── DATA FOR THE TASK

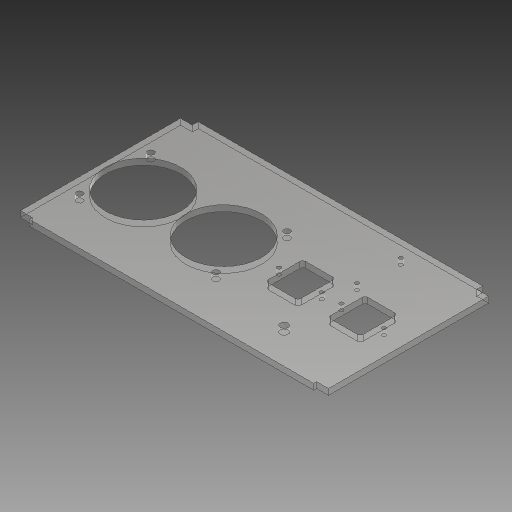
# Autodesk Inventor part: SeitenOben
Saved by Autodesk Inventor 2019 (Build 230136000, 136)
## iProperties
Created: 2018-04-27
Part Number: SeitenOben
Material: Polycarbonate, Clear
Document SubType Name: Modeling
Designer: Phil Erle
Density: 1.2 g/cm^3
Appearance: Polycarbonate - Clear
Author: Phil Erle
Autodesk Inventor part; units mm, degrees
ref_plane "YZ Plane" through (0, 0, 0) normal (1, 0, 0) x (0, 1, 0)
ref_plane "XZ Plane" through (0, 0, 0) normal (0, 1, 0) x (-1, 0, 0)
ref_plane "XY Plane" through (0, 0, 0) normal (0, 0, 1) x (1, 0, 0)
sketch "Sketch1" plane through (0, 0, 0) normal (0, 0, 1) x (1, 0, 0)
  line L0 (-130, 67.5) -> (-130, -67.5)
  line L1 (-130, -67.5) -> (-120, -67.5)
  line L2 (-120, -67.5) -> (-120, -70)
  line L3 (-120, -70) -> (120, -70)
  line L4 (120, -70) -> (120, -67.5)
  line L5 (120, -67.5) -> (130, -67.5)
  line L6 (130, -67.5) -> (130, 67.5)
  line L7 (130, 67.5) -> (120, 67.5)
  line L8 (120, 67.5) -> (120, 72.5)
  line L9 (120, 72.5) -> (-120, 72.5)
  line L10 (-120, 72.5) -> (-120, 67.5)
  line L11 (-130, 67.5) -> (-120, 67.5)
  point P0 (0, 0)
  point P1 (0, 72.5)
  point P2 (130, 0)
  point P3 (-130, 0)
  dimension "d0" = 5
  dimension "d1" = 240
  dimension "d2" = 10
  dimension "d3" = 10
  dimension "d4" = 2.5
  dimension "d5" = 135
  constraints: 24 end point, 8 perpendicular, 7 point on line, 3 midpoint, 1 horizontal alignment, 1 vertical, 1 vertical alignment
  measures "d0" distance of L7.end L8.end
  measures "d1" distance of L8.end L9.end
  measures "d2" distance of L0.start L10.end
  measures "d3" distance of L6.end L7.end
  measures "d4" distance of L3.end L4.end
  measures "d5" distance between parallel lines of L1 L11
extrude "Extrusion1" add sketch "Sketch1" along normal blind 5
sketch "Sketch2" plane through (0, 0, 5) normal (0, 0, 1) x (1, 0, 0)
  line L0 (25, -15.75) -> (52.5, -15.75)
  line L1 (52.5, -15.75) -> (52.5, 15.75)
  line L2 (52.5, 15.75) -> (25, 15.75)
  line L3 (25, 15.75) -> (25, -15.75)
  line L4 (77.5, -15.75) -> (105, -15.75)
  line L5 (105, -15.75) -> (105, 15.75)
  line L6 (105, 15.75) -> (77.5, 15.75)
  line L7 (77.5, 15.75) -> (77.5, -15.75)
  line L8 (130, -67.5) -> (130, 67.5) projected
  point P0 (0, 0)
  point P1 (25, 0)
  point P2 (77.5, 0)
  dimension "d8" = 27.5
  dimension "d9" = 31.5
  dimension "d10" = 27.5
  dimension "d11" = 31.5
  dimension "d12" = 130
  dimension "d13" = 25
  dimension "d14" = 25
  constraints: 16 end point, 4 parallel, 2 horizontal, 2 horizontal alignment, 2 midpoint, 2 perpendicular
  measures "d8" distance of L1.end L2.end
  measures "d9" distance of L2.end L0.start
  measures "d10" distance of L5.end L6.end
  measures "d11" distance of L6.end L4.start
  measures "d12" distance from line of L8 point (0, 0)
  measures "d13" distance from line of point (0, 0) L3
  measures "d14" distance between parallel lines of L1 L7
extrude "Extrusion2" cut sketch "Sketch2" against normal through all
sketch "Sketch3" plane through (0, 0, 5) normal (0, 0, 1) x (1, 0, 0)
  line L0 (20.75, 0) -> (56.75, 0) construction
  line L1 (25, 15.75) -> (52.5, 15.75) projected
  line L2 (77.5, 15.75) -> (105, 15.75) projected
  line L3 (73.25, 0) -> (109.25, 0) construction
  point P0 (0, 0)
  point P1 (38.75, 0)
  point P2 (38.75, 15.75)
  point P3 (91.25, 0)
  point P4 (91.25, 15.75)
  dimension "d17" = 36
  dimension "d18" = 36
  constraints: 4 coincident, 4 end point, 4 midpoint, 2 horizontal, 2 horizontal alignment, 2 vertical alignment
  measures "d17" distance of L0.start L0.end
  measures "d18" distance of L3.start L3.end
hole "Hole1" at (20.75, 0, 5) at (56.75, 0, 5) at (73.25, 0, 5) at (109.25, 0, 5) direction (0, 0, -1) diameter 3.4 depth 8 tip angle 118 clearance for "Countersunk Flat Head Screw DIN EN ISO 2009" size "M3" standard "DIN"
fillet "Fillet1" radius 2.5 8 edges at (25, 15.75, 2.5) (77.5, 15.75, 2.5) (105, 15.75, 2.5) (52.5, 15.75, 2.5) (52.5, -15.75, 2.5) (105, -15.75, 2.5) (25, -15.75, 2.5) (77.5, -15.75, 2.5)
sketch "Sketch5" plane through (0, 0, 5) normal (0, 0, 1) x (1, 0, 0)
  circle A0 centre (-94, 0) radius 32
  circle A1 centre (-26, 0) radius 32
  line L0 (-130, 67.5) -> (-130, -67.5) projected
  point P0 (0, 0)
  dimension "d34" = 64
  dimension "d35" = 68
  dimension "d36" = 36
  dimension "d37" = 64
  constraints: 2 centre point, 2 horizontal alignment
  measures "d34" diameter of A1
  measures "d35" distance of A1.centre A0.centre
  measures "d36" distance from line of A0.centre L0
  measures "d37" diameter of A0
extrude "Extrusion3" cut sketch "Sketch5" against normal through all
sketch "Sketch6" plane through (0, 0, 5) normal (0, 0, 1) x (1, 0, 0)
  point P0 (0, 0)
  point P1 (65, -40)
  dimension "d40" = 65
  dimension "d60" = 40
  measures "d40" horizontal distance of point (65, -40) point (0, 0)
  measures "d60" vertical distance of point (65, -40) point (0, 0)
hole "Hole3" at (65, -40, 5) direction (0, 0, -1) diameter 6.6 depth 8 tip angle 118 clearance for "Countersunk Flat Head Screw DIN EN ISO 2009" size "M6" standard "DIN"
sketch "Sketch7" plane through (0, 0, 5) normal (0, 0, 1) x (1, 0, 0)
  circle A0 centre (-94, 0) radius 32 construction
  circle A1 centre (-26, 0) radius 32 construction
  line L0 (-117.5, -30) -> (-2.5, -30) construction
  line L1 (-2.5, -30) -> (-2.5, 30) construction
  line L2 (-2.5, 30) -> (-117.5, 30) construction
  line L3 (-117.5, 30) -> (-117.5, -30) construction
  line L4 (-117.5, -30) -> (-2.5, 30) construction
  line L5 (-2.5, -30) -> (-117.5, 30) construction
  point P0 (0, 0)
  point P1 (-60, 0)
  point P2 (-60, 0)
  dimension "d49" = 68
  dimension "d50" = 34
  dimension "d51" = 115
  dimension "d52" = 60
  constraints: 12 end point, 4 coincident, 3 midpoint, 2 parallel, 1 horizontal, 1 horizontal alignment, 1 perpendicular
  measures "d49" distance of A1.centre A0.centre
  measures "d50" distance of point (-60, 0) A0.centre
  measures "d51" distance of L1.end L2.end
  measures "d52" distance of L0.end L1.end
hole "Hole4" at (-117.5, 30, 5) at (-117.5, -30, 5) at (-2.5, -30, 5) at (-2.5, 30, 5) direction (0, 0, -1) diameter 5.5 depth 8 tip angle 118 clearance for "Countersunk Flat Head Screw DIN EN ISO 2009" size "M5" standard "DIN"
sketch "Sketch8" plane through (0, 0, 5) normal (0, 0, 1) x (1, 0, 0)
  circle A0 centre (65, -40) radius 3.3 construction
  line L0 (65, 58.5) -> (65, 21.5) construction
  point P0 (0, 0)
  point P1 (65, 40)
  dimension "d62" = 37
  dimension "d63" = 40
  dimension "d71" = 0
  constraints: 2 coincident, 2 end point, 1 midpoint, 1 vertical
  measures "d62" distance of L0.start L0.end
  measures "d63" vertical distance of point (0, 0) point (65, 40)
  measures "d71" horizontal distance of A0.centre point (65, 40)
hole "Hole5" at (65, 21.5, 5) at (65, 58.5, 5) direction (0, 0, -1) diameter 3.4 depth 8 tip angle 118 clearance for "Countersunk Flat Head Screw DIN EN ISO 2009" size "M3" standard "DIN"
equation "\"d13\" = -0.666667 * d8 + 0.333333 * d12"
equation "\"d14\" = d13"
equation "\"d50\" = 0.5 * d49"
body "Solid1"

────

> TASK OBJECTIVE
Respond with one number, namely the count of lines in the entries above that hold the word "parallel".

> COMPLETED EXERCISE
4